Reply #124 - 2010 February 24, 1:03 pm
nest0r Member
Registered: 2007-10-19 Posts: 5236 Website

nest0r wrote:

So I think I've slowly worked my way towards what some of you were talking about earlier. So, given that I can't run any of the readers, or rather, they only display gibberish, but of course Firefox + xhtml ruby works, would my mission, if I want to de-uglify the bracketed readings in certain texts, be to convert them into:

<ruby><rb>馬鹿気</rb><rp>(</rp><rt>ばかげ</rt><rp>)</rp></ruby> ? That is to say, I need some simple way to tell a text editor to find instances of the furigana readings, replace them with those tags, as well as the kanji words prior to them.

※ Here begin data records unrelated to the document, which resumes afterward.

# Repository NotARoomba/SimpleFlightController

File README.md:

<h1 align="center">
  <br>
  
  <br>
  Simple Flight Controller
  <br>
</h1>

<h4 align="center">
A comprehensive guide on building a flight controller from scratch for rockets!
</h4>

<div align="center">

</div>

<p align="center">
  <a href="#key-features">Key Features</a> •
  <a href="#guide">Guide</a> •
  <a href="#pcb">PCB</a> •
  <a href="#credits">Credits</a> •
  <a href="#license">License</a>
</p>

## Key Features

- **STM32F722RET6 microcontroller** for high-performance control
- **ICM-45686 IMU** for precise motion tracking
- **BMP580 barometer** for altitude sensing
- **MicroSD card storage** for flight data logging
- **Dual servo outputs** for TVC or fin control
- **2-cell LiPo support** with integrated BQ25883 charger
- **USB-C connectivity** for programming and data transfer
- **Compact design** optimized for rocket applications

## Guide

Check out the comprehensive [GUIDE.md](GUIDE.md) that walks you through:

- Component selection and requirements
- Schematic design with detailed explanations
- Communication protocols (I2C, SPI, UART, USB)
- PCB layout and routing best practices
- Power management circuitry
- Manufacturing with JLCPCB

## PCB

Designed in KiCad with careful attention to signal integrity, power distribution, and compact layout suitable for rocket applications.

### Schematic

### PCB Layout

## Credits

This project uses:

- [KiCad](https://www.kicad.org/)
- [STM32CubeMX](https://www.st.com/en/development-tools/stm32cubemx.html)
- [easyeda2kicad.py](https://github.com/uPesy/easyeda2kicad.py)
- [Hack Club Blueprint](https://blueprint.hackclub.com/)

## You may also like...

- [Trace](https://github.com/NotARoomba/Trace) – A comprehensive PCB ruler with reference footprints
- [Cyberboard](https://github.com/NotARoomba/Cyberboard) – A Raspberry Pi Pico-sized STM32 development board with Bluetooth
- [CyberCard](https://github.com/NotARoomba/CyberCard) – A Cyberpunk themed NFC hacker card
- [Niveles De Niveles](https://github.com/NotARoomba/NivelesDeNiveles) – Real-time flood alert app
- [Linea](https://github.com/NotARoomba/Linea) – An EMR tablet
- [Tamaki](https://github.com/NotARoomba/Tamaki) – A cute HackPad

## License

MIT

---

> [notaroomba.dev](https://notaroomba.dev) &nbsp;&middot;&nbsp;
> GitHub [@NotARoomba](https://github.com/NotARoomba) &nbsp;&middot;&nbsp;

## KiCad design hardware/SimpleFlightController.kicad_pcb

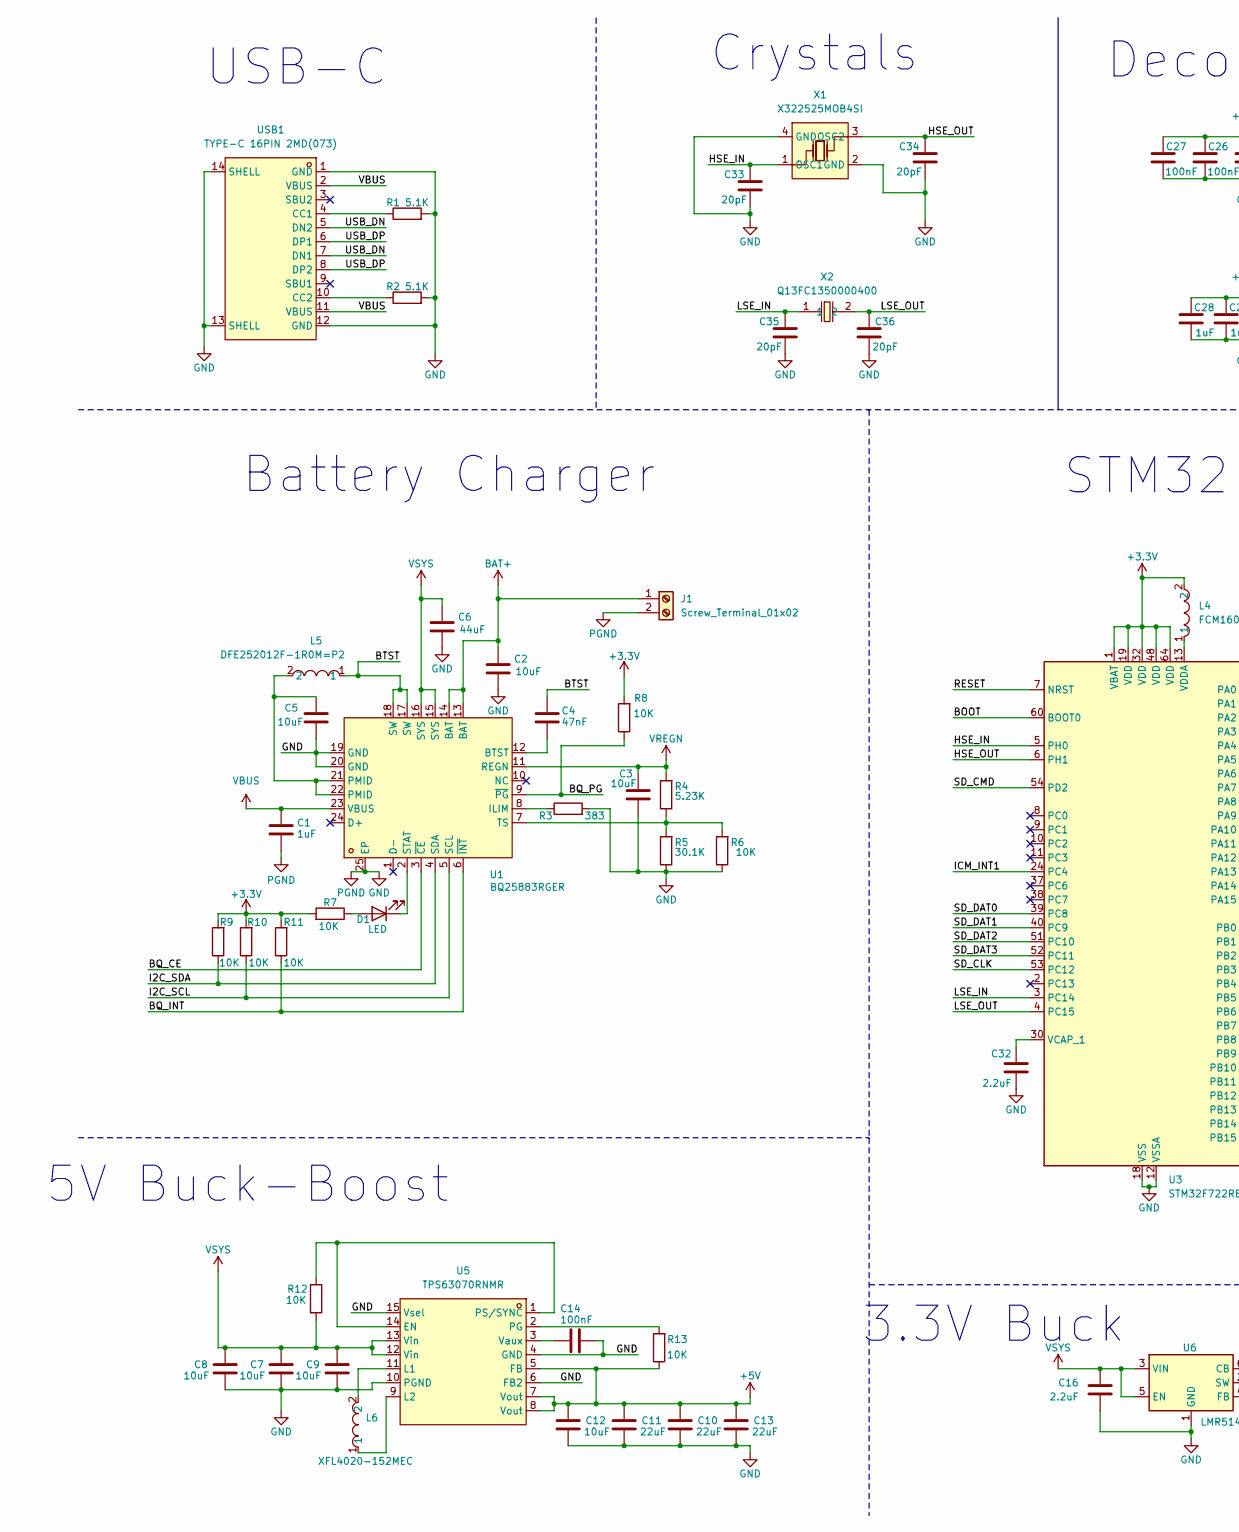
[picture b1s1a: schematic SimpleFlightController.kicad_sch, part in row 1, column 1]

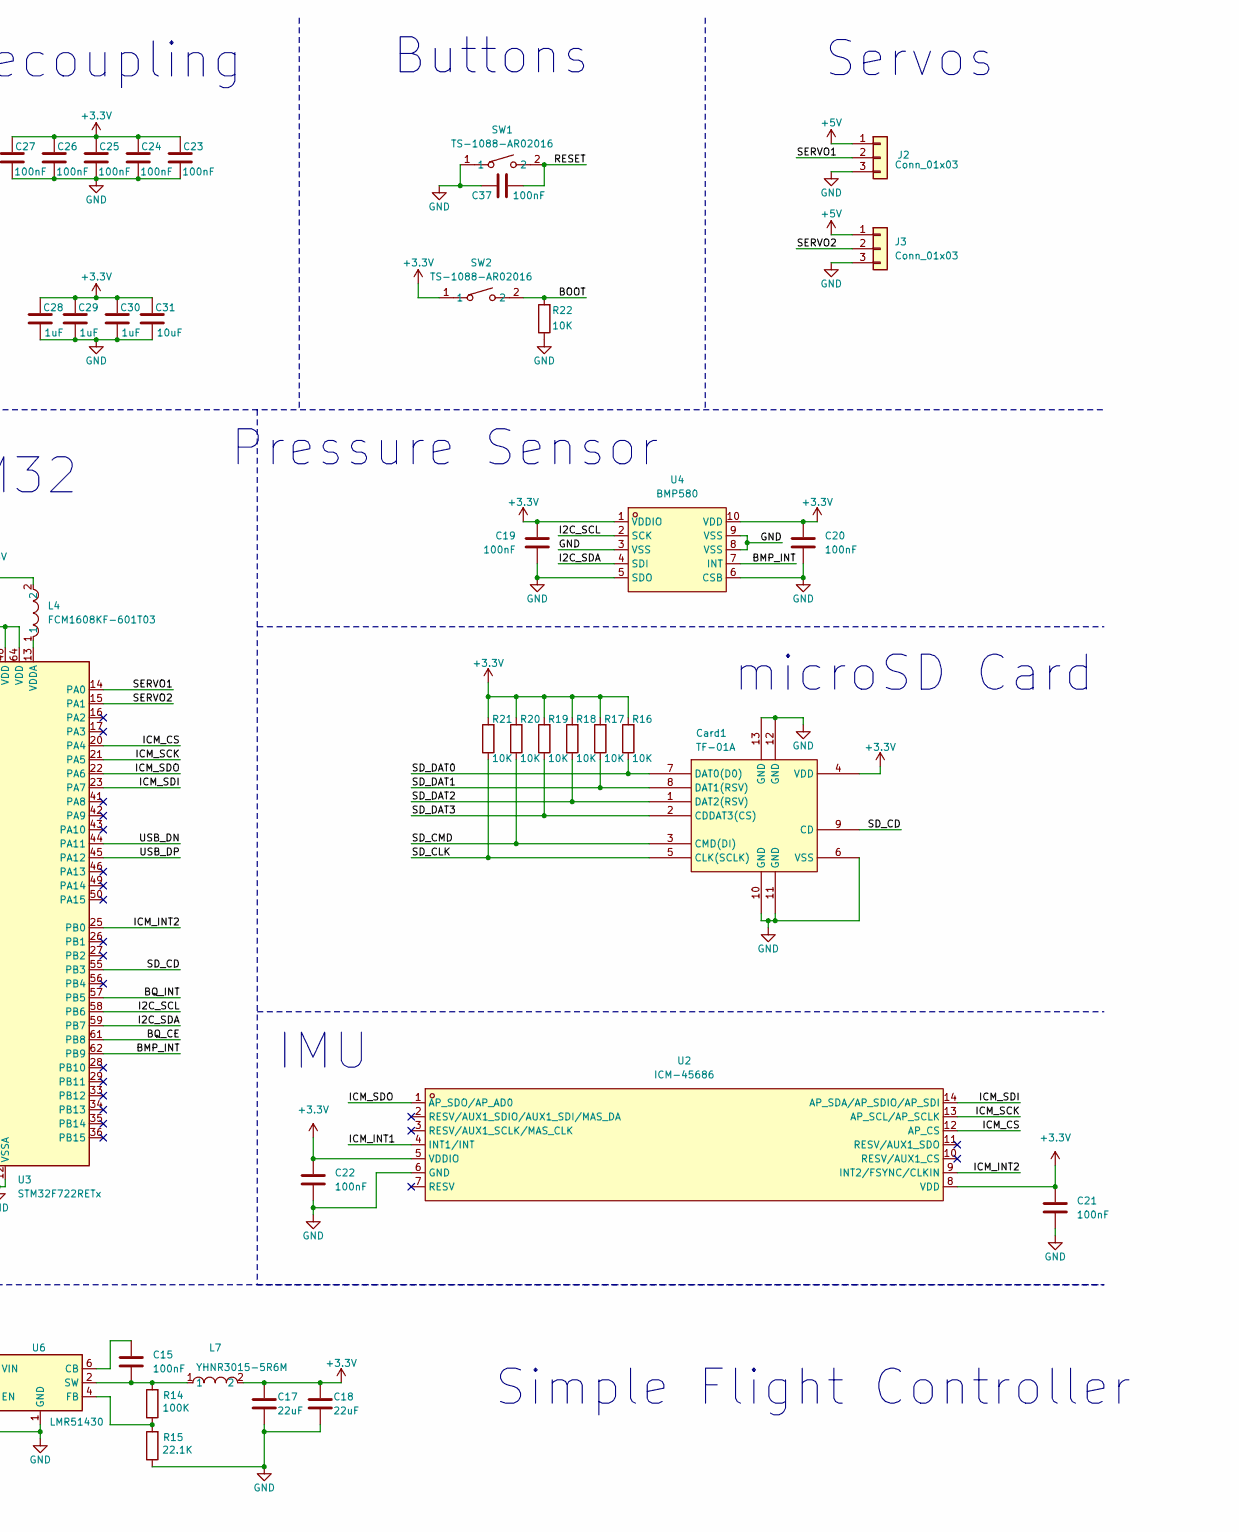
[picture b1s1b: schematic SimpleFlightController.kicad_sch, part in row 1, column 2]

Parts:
C1, C28, C29, C30: 1uF; C_0402_1005Metric
C2, C9, C12: 10uF; C_0603_1608Metric
C3, C5, C31: 10uF; C_0402_1005Metric
C4: 47nF; C_0201_0603Metric
C6: 44uF; C_0603_1608Metric
C7, C8: 10uF; C_0805_2012Metric
C10, C11, C13: 22uF; C_0805_2012Metric
C14, C15, C19, C20, C21, C22, C23, C24, C25, C26, C27, C37: 100nF; C_0201_0603Metric
C16: 2.2uF; C_0603_1608Metric
C17, C18: 22uF; C_0402_1005Metric
C32: 2.2uF; C_0201_0603Metric
C33, C34, C35, C36: 20pF; C_0201_0603Metric
Card1: TF-01A; TF-SMD_TF-01A; LCSC Part C91145
D1: LED; LED_0402_1005Metric
J1: Screw_Terminal_01x02; TerminalBlock_Xinya_XY308-2.54-2P_1x02_P2.54mm_Horizontal
J2, J3: Conn_01x03; PinHeader_1x03_P2.54mm_Vertical
L4: FCM1608KF-601T03; L0603; LCSC Part C141723
L5: DFE252012F-1R0M=P2; L2520; LCSC Part C435392
L6: XFL4020-152MEC; IND-SMD_L4.0-W4.0-A; LCSC Part C3033018
L7: YHNR3015-5R6M; IND-SMD_L3.0-W3.0; LCSC Part C18236327
R1, R2: 5.1K; R_0201_0603Metric
R3: 383; R_0201_0603Metric
R4: 5.23K; R_0201_0603Metric
R5: 30.1K; R_0201_0603Metric
R6, R7, R8, R9, R10, R11, R12, R13, R16, R17, R18, R19, R20, R21, R22: 10K; R_0201_0603Metric
R14: 100K; R_0402_1005Metric
R15: 22.1K; R_0402_1005Metric
SW1, SW2: TS-1088-AR02016; SW-SMD_L3.9-W3.0-P4.45; LCSC Part C720477
U1: BQ25883RGER; VFQFPN-24_L4.0-W4.0-P0.50-BL-EP2.8; LCSC Part C544362
U2: ICM-45686; LGA-14_L3.0-W2.5-P0.50-TL; LCSC Part C22459454
U3: STM32F722RETx; LQFP-64_10x10mm_P0.5mm
U4: BMP580; LGA-10_L2.0-W2.0-P0.50-TL_BMP580; LCSC Part C22391138
U5: TPS63070RNMR; VQFN-HR-15_L3.0-W2.5-P0.50-BL_TPS63070RNMR; LCSC Part C109322
U6: LMR51430; SOT-23-6
USB1: TYPE-C 16PIN 2MD(073); USB-C-SMD_TYPE-C-6PIN-2MD-073; LCSC Part C2765186
X1: X322525MOB4SI; CRYSTAL-SMD_4P-L3.2-W2.5-BL; LCSC Part C9006
X2: Q13FC1350000400; FC-135R_L3.2-W1.5; LCSC Part C32346

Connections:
+3.3V: C17.1, C18.1, C19.1, C20.1, C21.1, C22.1, C23.1, C24.1, C25.1, C26.1, C27.1, C28.1, C29.1, C30.1, C31.1, Card1.4 (VDD), L4.2, L7.2, R7.2, R8.2, R9.2, R10.2, R11.2, R16.2, R17.2, R18.2, R19.2, R20.2, R21.2, SW2.1, U2.5 (VDDIO), U2.8 (VDD), U3.1 (VBAT), U3.19 (VDD), U3.32 (VDD), U3.48 (VDD), U3.64 (VDD), U4.1 (VDDIO), U4.10 (VDD)
+5V: C10.1, C11.1, C12.1, C13.1, J2.1, J3.1, R13.1, U5.5 (FB), U5.7 (Vout), U5.8 (Vout)
/BMP_INT: U3.62 (PB9), U4.7 (INT)
/BOOT: R22.2, SW2.2, U3.60 (BOOT0)
/BQ_CE: U1.3 (~CE), U3.61 (PB8)
/BQ_INT: R11.1, U1.6 (~INT), U3.57 (PB5)
/BQ_PG: R8.1, U1.9 (~PG)
/BTST: C4.1, L5.1, U1.17 (SW), U1.18 (SW)
/HSE_IN: C33.1, U3.5 (PH0), X1.1 (OSC1)
/HSE_OUT: C34.1, U3.6 (PH1), X1.3 (OSC2)
/I2C_SCL: R10.1, U1.5 (SCL), U3.58 (PB6), U4.2 (SCK)
/I2C_SDA: R9.1, U1.4 (SDA), U3.59 (PB7), U4.4 (SDI)
/ICM_CS: U2.12 (AP_CS), U3.20 (PA4)
/ICM_INT1: U2.4 (INT1/INT), U3.24 (PC4)
/ICM_INT2: U2.9 (INT2/FSYNC/CLKIN), U3.25 (PB0)
/ICM_SCK: U2.13 (AP_SCL/AP_SCLK), U3.21 (PA5)
/ICM_SDI: U2.14 (AP_SDA/AP_SDIO/AP_SDI), U3.23 (PA7)
/ICM_SDO: U2.1 (AP_SDO/AP_AD0), U3.22 (PA6)
/LSE_IN: C35.1, U3.3 (PC14), X2.1
/LSE_OUT: C36.1, U3.4 (PC15), X2.2
/RESET: C37.2, SW1.2, U3.7 (NRST)
/SD_CD: Card1.9 (CD), U3.55 (PB3)
/SD_CLK: Card1.5 (CLK(SCLK)), R21.1, U3.53 (PC12)
/SD_CMD: Card1.3 (CMD(DI)), R20.1, U3.54 (PD2)
/SD_DAT0: Card1.7 (DAT0(D0)), R16.1, U3.39 (PC8)
/SD_DAT1: Card1.8 (DAT1(RSV)), R17.1, U3.40 (PC9)
/SD_DAT2: Card1.1 (DAT2(RSV)), R18.1, U3.51 (PC10)
/SD_DAT3: Card1.2 (CDDAT3(CS)), R19.1, U3.52 (PC11)
/SERVO1: J2.2, U3.14 (PA0)
/SERVO2: J3.2, U3.15 (PA1)
/USB_DN: U3.44 (PA11), USB1.5 (DN2), USB1.7 (DN1)
/USB_DP: U3.45 (PA12), USB1.6 (DP1), USB1.8 (DP2)
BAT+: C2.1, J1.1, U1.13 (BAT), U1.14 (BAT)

I suppose, as Jarvik I think mentioned, the only other option would be simply to remove them. ^_^

Several failures later: So, anyone want to write something up that newbies can run, that will do the above? Or that will turn "kanji《kana reading》" into a phonetic guide in Word, or something? I know I'm not the only nub, there are many of us n00bs here that will love you for it. Yes, many. Not just me. Many others. They're just quiet. sad

Reply #125 - 2010 February 24, 1:04 pm
rich_f Member
From: north carolina Registered: 2007-07-12 Posts: 1708

I picked up EditPadPro (http://www.editpadpro.com) for $50US. It's pretty sweet, even if it's a bit pricey. It's a feature-dense text editor, and it has a built in regular expression editor. If you go into the help documentation (under the help menu), there's a 47-page tutorial at the back of the PDF manual on how to create regular expressions. It has a separate pane you can open up to create regular expressions with, and you can slice and dice documents however you see fit.

It can convert text files on the fly, too, and it seems to handle JP pretty well. You can create files in JP as well, you just have to change the encoding. It handles many different kinds of encodings, and it has popup help windows when you're just starting out and still playing with the menus. (It'll tell you what each feature does when you enable a feature.) You can dismiss this as soon as it becomes annoying.

It even has some sort of e-mail sending ability buried in there somewhere.

I already like it a lot more than TotalEdit, which I used for a long time.

There's a lite version you can try first for free, which I'd recommend, because $50 isn't cheap for what is essentially Notepad+grep on steroids.